PREPARATION OF MATHANTHAILAM MEDIATED ZNONPS AND IT'S ANTIMICROBIAL, ANTI-INFLAMMATORY ACTIVITY AND CELL VIABILITY USING MTT ASSAY

Abstract

Zinc oxide nanoparticles (ZnONPs), mediated by Maththan Oil, were rigorously evaluated for their antimicrobial and anti-inflammatory potentials, alongside an assessment of cytotoxicity, across several bioassays. The research specifically targeted the antibacterial efficacy of ZnONPs against diverse bacterial strains such as Staphylococcus aureus, Escherichia coli, Enterococcus faecalis, and Pseudomonas sp., employing the agar well diffusion method. A dose-dependent escalation in the zones of inhibition was meticulously recorded, signifying robust antibacterial action; the zones ranged from 20 mm to a substantial 40 mm as concentrations of Maththan Oil were incrementally increased from 25 µg/mL to 100 µg/mL.

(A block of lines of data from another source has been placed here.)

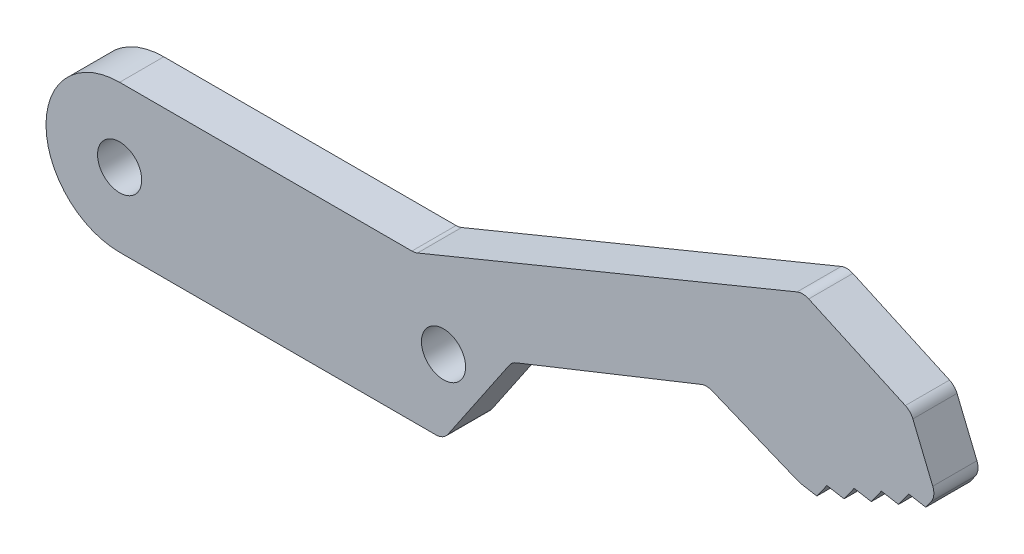
ISO-10303-21;
HEADER;
FILE_DESCRIPTION(('STEP AP214'),'2;1');
FILE_NAME('part.step','',(''),(''),'','','');
FILE_SCHEMA(('AUTOMOTIVE_DESIGN { 1 0 10303 214 1 1 1 1 }'));
ENDSEC;
DATA;
#1=APPLICATION_CONTEXT('core data for automotive mechanical design processes');
#2=APPLICATION_PROTOCOL_DEFINITION('international standard','automotive_design',2000,#1);
#3=PRODUCT_CONTEXT('',#1,'mechanical');
#4=PRODUCT('Part','Part','',(#3));
#5=PRODUCT_RELATED_PRODUCT_CATEGORY('part','',(#4));
#6=PRODUCT_DEFINITION_FORMATION('','',#4);
#7=PRODUCT_DEFINITION_CONTEXT('part definition',#1,'design');
#8=PRODUCT_DEFINITION('design','',#6,#7);
#9=PRODUCT_DEFINITION_SHAPE('','',#8);
#10=(LENGTH_UNIT() NAMED_UNIT(*) SI_UNIT(.MILLI.,.METRE.));
#11=(NAMED_UNIT(*) PLANE_ANGLE_UNIT() SI_UNIT($,.RADIAN.));
#12=(NAMED_UNIT(*) SI_UNIT($,.STERADIAN.) SOLID_ANGLE_UNIT());
#13=UNCERTAINTY_MEASURE_WITH_UNIT(LENGTH_MEASURE(1.E-05),#10,'distance_accuracy_value','');
#14=(GEOMETRIC_REPRESENTATION_CONTEXT(3) GLOBAL_UNCERTAINTY_ASSIGNED_CONTEXT((#13)) GLOBAL_UNIT_ASSIGNED_CONTEXT((#10,
#11,#12)) REPRESENTATION_CONTEXT('',''));
#15=CARTESIAN_POINT('',(0.,0.,0.));
#16=DIRECTION('',(0.,0.,1.));
#17=DIRECTION('',(1.,0.,0.));
#18=AXIS2_PLACEMENT_3D('',#15,#16,#17);
#19=CARTESIAN_POINT('',(17.3962094769043,-11.7918515015879,3.));
#20=DIRECTION('',(0.82775687017251,-0.561086948593719,0.));
#21=DIRECTION('',(0.561086948593719,0.82775687017251,0.));
#22=AXIS2_PLACEMENT_3D('',#19,#20,#21);
#23=PLANE('',#22);
#24=DIRECTION('',(-0.561086948593719,-0.82775687017251,0.));
#25=VECTOR('',#24,1.);
#26=CARTESIAN_POINT('',(17.3962094769043,-11.7918515015879,0.));
#27=LINE('',#26,#25);
#28=CARTESIAN_POINT('',(26.4721926347983,1.59770858592846,0.));
#29=VERTEX_POINT('',#28);
#30=CARTESIAN_POINT('',(22.2975129456313,-4.56108694859372,0.));
#31=VERTEX_POINT('',#30);
#32=EDGE_CURVE('E353',#29,#31,#27,.T.);
#33=ORIENTED_EDGE('',*,*,#32,.F.);
#34=DIRECTION('',(0.,0.,-1.));
#35=VECTOR('',#34,1.);
#36=CARTESIAN_POINT('',(26.4721926347983,1.59770858592845,3.));
#37=LINE('',#36,#35);
#38=CARTESIAN_POINT('',(26.4721926347983,1.59770858592846,3.));
#39=VERTEX_POINT('',#38);
#40=EDGE_CURVE('E256',#29,#39,#37,.F.);
#41=ORIENTED_EDGE('',*,*,#40,.T.);
#42=DIRECTION('',(-0.561086948593719,-0.82775687017251,0.));
#43=VECTOR('',#42,1.);
#44=CARTESIAN_POINT('',(17.3962094769043,-11.7918515015879,3.));
#45=LINE('',#44,#43);
#46=CARTESIAN_POINT('',(22.2975129456313,-4.56108694859372,3.));
#47=VERTEX_POINT('',#46);
#48=EDGE_CURVE('E770',#39,#47,#45,.T.);
#49=ORIENTED_EDGE('',*,*,#48,.T.);
#50=DIRECTION('',(0.,0.,-1.));
#51=VECTOR('',#50,1.);
#52=CARTESIAN_POINT('',(22.2975129456313,-4.56108694859372,0.));
#53=LINE('',#52,#51);
#54=EDGE_CURVE('E253',#47,#31,#53,.T.);
#55=ORIENTED_EDGE('',*,*,#54,.T.);
#56=EDGE_LOOP('',(#33,#41,#49,#55));
#57=FACE_BOUND('',#56,.T.);
#58=ADVANCED_FACE('F36',(#57),#23,.T.);
#59=CARTESIAN_POINT('',(3.01771045687276,-7.56855690668185,3.));
#60=DIRECTION('',(0.370362872235569,-0.928887152925166,0.));
#61=DIRECTION('',(0.928887152925166,0.370362872235569,0.));
#62=AXIS2_PLACEMENT_3D('',#59,#60,#61);
#63=PLANE('',#62);
#64=DIRECTION('',(-0.928887152925166,-0.370362872235569,0.));
#65=VECTOR('',#64,1.);
#66=CARTESIAN_POINT('',(3.01771045687276,-7.56855690668185,3.));
#67=LINE('',#66,#65);
#68=CARTESIAN_POINT('',(39.4964940516571,6.97614534835353,3.));
#69=VERTEX_POINT('',#68);
#70=CARTESIAN_POINT('',(26.9295866327353,1.9655087902599,3.));
#71=VERTEX_POINT('',#70);
#72=EDGE_CURVE('E777',#69,#71,#67,.T.);
#73=ORIENTED_EDGE('',*,*,#72,.T.);
#74=DIRECTION('',(0.,0.,-1.));
#75=VECTOR('',#74,1.);
#76=CARTESIAN_POINT('',(26.9295866327353,1.9655087902599,0.));
#77=LINE('',#76,#75);
#78=CARTESIAN_POINT('',(26.9295866327353,1.9655087902599,0.));
#79=VERTEX_POINT('',#78);
#80=EDGE_CURVE('E245',#71,#79,#77,.T.);
#81=ORIENTED_EDGE('',*,*,#80,.T.);
#82=DIRECTION('',(-0.928887152925166,-0.370362872235569,0.));
#83=VECTOR('',#82,1.);
#84=CARTESIAN_POINT('',(3.01771045687276,-7.56855690668185,0.));
#85=LINE('',#84,#83);
#86=CARTESIAN_POINT('',(39.4964940516571,6.97614534835353,0.));
#87=VERTEX_POINT('',#86);
#88=EDGE_CURVE('E355',#87,#79,#85,.T.);
#89=ORIENTED_EDGE('',*,*,#88,.F.);
#90=DIRECTION('',(0.,0.,-1.));
#91=VECTOR('',#90,1.);
#92=CARTESIAN_POINT('',(39.4964940516571,6.97614534835353,3.));
#93=LINE('',#92,#91);
#94=EDGE_CURVE('E243',#87,#69,#93,.F.);
#95=ORIENTED_EDGE('',*,*,#94,.T.);
#96=EDGE_LOOP('',(#73,#81,#89,#95));
#97=FACE_BOUND('',#96,.T.);
#98=ADVANCED_FACE('F498',(#97),#63,.T.);
#99=CARTESIAN_POINT('',(8.22079154562797,20.0822867610106,3.));
#100=DIRECTION('',(-0.378842481424512,-0.925461168428,0.));
#101=DIRECTION('',(0.925461168428,-0.378842481424512,0.));
#102=AXIS2_PLACEMENT_3D('',#99,#100,#101);
#103=PLANE('',#102);
#104=DIRECTION('',(-0.925461168428,0.378842481424512,0.));
#105=VECTOR('',#104,1.);
#106=CARTESIAN_POINT('',(8.22079154562797,20.0822867610106,3.));
#107=LINE('',#106,#105);
#108=CARTESIAN_POINT('',(46.0879419933528,4.58116609869354,3.));
#109=VERTEX_POINT('',#108);
#110=CARTESIAN_POINT('',(40.2456994053172,6.97271936385637,3.));
#111=VERTEX_POINT('',#110);
#112=EDGE_CURVE('E228',#109,#111,#107,.T.);
#113=ORIENTED_EDGE('',*,*,#112,.T.);
#114=DIRECTION('',(0.,0.,-1.));
#115=VECTOR('',#114,1.);
#116=CARTESIAN_POINT('',(40.2456994053171,6.97271936385637,0.));
#117=LINE('',#116,#115);
#118=CARTESIAN_POINT('',(40.2456994053172,6.97271936385637,0.));
#119=VERTEX_POINT('',#118);
#120=EDGE_CURVE('E280',#111,#119,#117,.T.);
#121=ORIENTED_EDGE('',*,*,#120,.T.);
#122=DIRECTION('',(-0.925461168428,0.378842481424512,0.));
#123=VECTOR('',#122,1.);
#124=CARTESIAN_POINT('',(8.22079154562797,20.0822867610106,0.));
#125=LINE('',#124,#123);
#126=CARTESIAN_POINT('',(46.0879419933528,4.58116609869354,0.));
#127=VERTEX_POINT('',#126);
#128=EDGE_CURVE('E358',#127,#119,#125,.T.);
#129=ORIENTED_EDGE('',*,*,#128,.F.);
#130=DIRECTION('',(0.,0.,-1.));
#131=VECTOR('',#130,1.);
#132=CARTESIAN_POINT('',(46.0879419933528,4.58116609869354,3.));
#133=LINE('',#132,#131);
#134=EDGE_CURVE('E278',#127,#109,#133,.F.);
#135=ORIENTED_EDGE('',*,*,#134,.T.);
#136=EDGE_LOOP('',(#113,#121,#129,#135));
#137=FACE_BOUND('',#136,.T.);
#138=ADVANCED_FACE('F504',(#137),#103,.T.);
#139=CARTESIAN_POINT('',(2.12068725055261,12.2001062019428,3.));
#140=DIRECTION('',(0.171257275030367,0.985226342395073,0.));
#141=DIRECTION('',(-0.985226342395073,0.171257275030367,0.));
#142=AXIS2_PLACEMENT_3D('',#139,#140,#141);
#143=PLANE('',#142);
#144=DIRECTION('',(0.985226342395073,-0.171257275030367,0.));
#145=VECTOR('',#144,1.);
#146=CARTESIAN_POINT('',(2.12068725055261,12.2001062019428,3.));
#147=LINE('',#146,#145);
#148=CARTESIAN_POINT('',(46.2955271997469,4.52140092472648,3.));
#149=VERTEX_POINT('',#148);
#150=CARTESIAN_POINT('',(47.3529322035688,4.33759717145107,3.));
#151=VERTEX_POINT('',#150);
#152=EDGE_CURVE('E214',#149,#151,#147,.T.);
#153=ORIENTED_EDGE('',*,*,#152,.F.);
#154=DIRECTION('',(0.,0.,-1.));
#155=VECTOR('',#154,1.);
#156=CARTESIAN_POINT('',(46.2955271997469,4.52140092472648,0.));
#157=LINE('',#156,#155);
#158=CARTESIAN_POINT('',(46.2955271997469,4.52140092472648,0.));
#159=VERTEX_POINT('',#158);
#160=EDGE_CURVE('E283',#149,#159,#157,.T.);
#161=ORIENTED_EDGE('',*,*,#160,.T.);
#162=DIRECTION('',(0.985226342395073,-0.171257275030367,0.));
#163=VECTOR('',#162,1.);
#164=CARTESIAN_POINT('',(2.12068725055261,12.2001062019428,0.));
#165=LINE('',#164,#163);
#166=CARTESIAN_POINT('',(47.3529322035688,4.33759717145107,0.));
#167=VERTEX_POINT('',#166);
#168=EDGE_CURVE('E241',#159,#167,#165,.T.);
#169=ORIENTED_EDGE('',*,*,#168,.T.);
#170=DIRECTION('',(0.,0.,-1.));
#171=VECTOR('',#170,1.);
#172=CARTESIAN_POINT('',(47.3529322035688,4.33759717145107,3.));
#173=LINE('',#172,#171);
#174=EDGE_CURVE('E234',#151,#167,#173,.T.);
#175=ORIENTED_EDGE('',*,*,#174,.F.);
#176=EDGE_LOOP('',(#153,#161,#169,#175));
#177=FACE_BOUND('',#176,.T.);
#178=ADVANCED_FACE('F239',(#177),#143,.F.);
#179=CARTESIAN_POINT('',(29.3832302084347,-20.911746854221,3.));
#180=DIRECTION('',(-0.814732571298571,0.579836905746106,0.));
#181=DIRECTION('',(-0.579836905746107,-0.814732571298571,0.));
#182=AXIS2_PLACEMENT_3D('',#179,#180,#181);
#183=PLANE('',#182);
#184=DIRECTION('',(0.579836905746107,0.814732571298571,0.));
#185=VECTOR('',#184,1.);
#186=CARTESIAN_POINT('',(29.3832302084347,-20.911746854221,0.));
#187=LINE('',#186,#185);
#188=CARTESIAN_POINT('',(48.0382444817135,5.30053386792921,0.));
#189=VERTEX_POINT('',#188);
#190=EDGE_CURVE('E362',#167,#189,#187,.T.);
#191=ORIENTED_EDGE('',*,*,#190,.T.);
#192=DIRECTION('',(0.,0.,-1.));
#193=VECTOR('',#192,1.);
#194=CARTESIAN_POINT('',(48.0382444817135,5.30053386792921,3.));
#195=LINE('',#194,#193);
#196=CARTESIAN_POINT('',(48.0382444817135,5.30053386792921,3.));
#197=VERTEX_POINT('',#196);
#198=EDGE_CURVE('E236',#197,#189,#195,.T.);
#199=ORIENTED_EDGE('',*,*,#198,.F.);
#200=DIRECTION('',(0.579836905746107,0.814732571298571,0.));
#201=VECTOR('',#200,1.);
#202=CARTESIAN_POINT('',(29.3832302084347,-20.911746854221,3.));
#203=LINE('',#202,#201);
#204=EDGE_CURVE('E219',#151,#197,#203,.T.);
#205=ORIENTED_EDGE('',*,*,#204,.F.);
#206=ORIENTED_EDGE('',*,*,#174,.T.);
#207=EDGE_LOOP('',(#191,#199,#205,#206));
#208=FACE_BOUND('',#207,.T.);
#209=ADVANCED_FACE('F233',(#208),#183,.F.);
#210=CARTESIAN_POINT('',(2.30326040358772,13.2504316830205,3.));
#211=DIRECTION('',(0.171257275030366,0.985226342395073,0.));
#212=DIRECTION('',(-0.985226342395073,0.171257275030366,0.));
#213=AXIS2_PLACEMENT_3D('',#210,#211,#212);
#214=PLANE('',#213);
#215=DIRECTION('',(0.985226342395073,-0.171257275030366,0.));
#216=VECTOR('',#215,1.);
#217=CARTESIAN_POINT('',(2.30326040358772,13.2504316830205,0.));
#218=LINE('',#217,#216);
#219=CARTESIAN_POINT('',(49.2026886599019,5.09812399691749,0.));
#220=VERTEX_POINT('',#219);
#221=EDGE_CURVE('E364',#189,#220,#218,.T.);
#222=ORIENTED_EDGE('',*,*,#221,.T.);
#223=DIRECTION('',(0.,0.,-1.));
#224=VECTOR('',#223,1.);
#225=CARTESIAN_POINT('',(49.2026886599019,5.09812399691749,3.));
#226=LINE('',#225,#224);
#227=CARTESIAN_POINT('',(49.2026886599019,5.09812399691749,3.));
#228=VERTEX_POINT('',#227);
#229=EDGE_CURVE('E247',#228,#220,#226,.T.);
#230=ORIENTED_EDGE('',*,*,#229,.F.);
#231=DIRECTION('',(0.985226342395073,-0.171257275030366,0.));
#232=VECTOR('',#231,1.);
#233=CARTESIAN_POINT('',(2.30326040358772,13.2504316830205,3.));
#234=LINE('',#233,#232);
#235=EDGE_CURVE('E237',#197,#228,#234,.T.);
#236=ORIENTED_EDGE('',*,*,#235,.F.);
#237=ORIENTED_EDGE('',*,*,#198,.T.);
#238=EDGE_LOOP('',(#222,#230,#236,#237));
#239=FACE_BOUND('',#238,.T.);
#240=ADVANCED_FACE('F429',(#239),#214,.F.);
#241=CARTESIAN_POINT('',(30.2517964891723,-21.5298966648462,3.));
#242=DIRECTION('',(-0.81473257129857,0.579836905746108,0.));
#243=DIRECTION('',(-0.579836905746108,-0.81473257129857,0.));
#244=AXIS2_PLACEMENT_3D('',#241,#242,#243);
#245=PLANE('',#244);
#246=DIRECTION('',(0.579836905746108,0.81473257129857,0.));
#247=VECTOR('',#246,1.);
#248=CARTESIAN_POINT('',(30.2517964891723,-21.5298966648462,0.));
#249=LINE('',#248,#247);
#250=CARTESIAN_POINT('',(49.8880009380466,6.06106069339563,0.));
#251=VERTEX_POINT('',#250);
#252=EDGE_CURVE('E367',#220,#251,#249,.T.);
#253=ORIENTED_EDGE('',*,*,#252,.T.);
#254=DIRECTION('',(0.,0.,-1.));
#255=VECTOR('',#254,1.);
#256=CARTESIAN_POINT('',(49.8880009380466,6.06106069339563,3.));
#257=LINE('',#256,#255);
#258=CARTESIAN_POINT('',(49.8880009380466,6.06106069339563,3.));
#259=VERTEX_POINT('',#258);
#260=EDGE_CURVE('E419',#259,#251,#257,.T.);
#261=ORIENTED_EDGE('',*,*,#260,.F.);
#262=DIRECTION('',(0.579836905746108,0.81473257129857,0.));
#263=VECTOR('',#262,1.);
#264=CARTESIAN_POINT('',(30.2517964891723,-21.5298966648462,3.));
#265=LINE('',#264,#263);
#266=EDGE_CURVE('E427',#228,#259,#265,.T.);
#267=ORIENTED_EDGE('',*,*,#266,.F.);
#268=ORIENTED_EDGE('',*,*,#229,.T.);
#269=EDGE_LOOP('',(#253,#261,#267,#268));
#270=FACE_BOUND('',#269,.T.);
#271=ADVANCED_FACE('F424',(#270),#245,.F.);
#272=CARTESIAN_POINT('',(2.48583355662284,14.3007571640983,3.));
#273=DIRECTION('',(0.171257275030366,0.985226342395073,0.));
#274=DIRECTION('',(-0.985226342395073,0.171257275030366,0.));
#275=AXIS2_PLACEMENT_3D('',#272,#273,#274);
#276=PLANE('',#275);
#277=DIRECTION('',(0.985226342395073,-0.171257275030366,0.));
#278=VECTOR('',#277,1.);
#279=CARTESIAN_POINT('',(2.48583355662284,14.3007571640983,0.));
#280=LINE('',#279,#278);
#281=CARTESIAN_POINT('',(51.052445116235,5.85865082238391,0.));
#282=VERTEX_POINT('',#281);
#283=EDGE_CURVE('E370',#251,#282,#280,.T.);
#284=ORIENTED_EDGE('',*,*,#283,.T.);
#285=DIRECTION('',(0.,0.,-1.));
#286=VECTOR('',#285,1.);
#287=CARTESIAN_POINT('',(51.052445116235,5.85865082238391,3.));
#288=LINE('',#287,#286);
#289=CARTESIAN_POINT('',(51.052445116235,5.85865082238391,3.));
#290=VERTEX_POINT('',#289);
#291=EDGE_CURVE('E416',#290,#282,#288,.T.);
#292=ORIENTED_EDGE('',*,*,#291,.F.);
#293=DIRECTION('',(0.985226342395073,-0.171257275030366,0.));
#294=VECTOR('',#293,1.);
#295=CARTESIAN_POINT('',(2.48583355662284,14.3007571640983,3.));
#296=LINE('',#295,#294);
#297=EDGE_CURVE('E434',#259,#290,#296,.T.);
#298=ORIENTED_EDGE('',*,*,#297,.F.);
#299=ORIENTED_EDGE('',*,*,#260,.T.);
#300=EDGE_LOOP('',(#284,#292,#298,#299));
#301=FACE_BOUND('',#300,.T.);
#302=ADVANCED_FACE('F432',(#301),#276,.F.);
#303=CARTESIAN_POINT('',(31.1203627699101,-22.1480464754713,3.));
#304=DIRECTION('',(-0.814732571298571,0.579836905746105,0.));
#305=DIRECTION('',(-0.579836905746105,-0.814732571298572,0.));
#306=AXIS2_PLACEMENT_3D('',#303,#304,#305);
#307=PLANE('',#306);
#308=DIRECTION('',(0.579836905746105,0.814732571298572,0.));
#309=VECTOR('',#308,1.);
#310=CARTESIAN_POINT('',(31.1203627699101,-22.1480464754713,0.));
#311=LINE('',#310,#309);
#312=CARTESIAN_POINT('',(51.7377573943797,6.82158751886204,0.));
#313=VERTEX_POINT('',#312);
#314=EDGE_CURVE('E373',#282,#313,#311,.T.);
#315=ORIENTED_EDGE('',*,*,#314,.T.);
#316=DIRECTION('',(0.,0.,-1.));
#317=VECTOR('',#316,1.);
#318=CARTESIAN_POINT('',(51.7377573943797,6.82158751886204,3.));
#319=LINE('',#318,#317);
#320=CARTESIAN_POINT('',(51.7377573943797,6.82158751886204,3.));
#321=VERTEX_POINT('',#320);
#322=EDGE_CURVE('E413',#321,#313,#319,.T.);
#323=ORIENTED_EDGE('',*,*,#322,.F.);
#324=DIRECTION('',(0.579836905746105,0.814732571298572,0.));
#325=VECTOR('',#324,1.);
#326=CARTESIAN_POINT('',(31.1203627699101,-22.1480464754713,3.));
#327=LINE('',#326,#325);
#328=EDGE_CURVE('E436',#290,#321,#327,.T.);
#329=ORIENTED_EDGE('',*,*,#328,.F.);
#330=ORIENTED_EDGE('',*,*,#291,.T.);
#331=EDGE_LOOP('',(#315,#323,#329,#330));
#332=FACE_BOUND('',#331,.T.);
#333=ADVANCED_FACE('F488',(#332),#307,.F.);
#334=CARTESIAN_POINT('',(2.66840670965796,15.351082645176,3.));
#335=DIRECTION('',(0.171257275030366,0.985226342395073,0.));
#336=DIRECTION('',(-0.985226342395073,0.171257275030366,0.));
#337=AXIS2_PLACEMENT_3D('',#334,#335,#336);
#338=PLANE('',#337);
#339=DIRECTION('',(0.985226342395073,-0.171257275030366,0.));
#340=VECTOR('',#339,1.);
#341=CARTESIAN_POINT('',(2.66840670965796,15.351082645176,0.));
#342=LINE('',#341,#340);
#343=CARTESIAN_POINT('',(52.9022015725681,6.61917764785032,0.));
#344=VERTEX_POINT('',#343);
#345=EDGE_CURVE('E376',#313,#344,#342,.T.);
#346=ORIENTED_EDGE('',*,*,#345,.T.);
#347=DIRECTION('',(0.,0.,-1.));
#348=VECTOR('',#347,1.);
#349=CARTESIAN_POINT('',(52.9022015725681,6.61917764785032,3.));
#350=LINE('',#349,#348);
#351=CARTESIAN_POINT('',(52.9022015725681,6.61917764785032,3.));
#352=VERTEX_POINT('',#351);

Concurrently, the anti-inflammatory properties of these nanoparticles were quantified through the inhibition of Bovine Serum Albumin (BSA) denaturation. The results illuminated a pronounced dose-dependent anti-inflammatory activity, with up to 75% inhibition of protein denaturation at a concentration of 50 µg/mL, highlighting the nanoparticles' significant potential for pharmaceutical applications where modulation of inflammatory responses is paramount.

Further explorations into the cytotoxic impacts of MaththanThailam mediated ZnONPs were conducted using an MTT assay on murine fibroblast cells (3T3-L1). This assay delineated a clear dose-dependent cytotoxicity, where cell viability was moderately high at lower concentrations but exhibited a marked reduction at higher dosages, declining to 69% at 100 µg/mL.

These comprehensive evaluations not only underscore the dual functionality of Maththan Oil mediated ZnONPs exemplified by potent antibacterial and anti-inflammatory activities but also delineate their cytotoxic profile at elevated concentrations, warranting further investigative and clinical studies to elucidate their mechanisms of action and potential therapeutic applications. This study provides a foundational impetus for subsequent translational research aimed at harnessing the therapeutic efficacies of ZnONPs in managing bacterial infections and inflammatory conditions within clinical settings.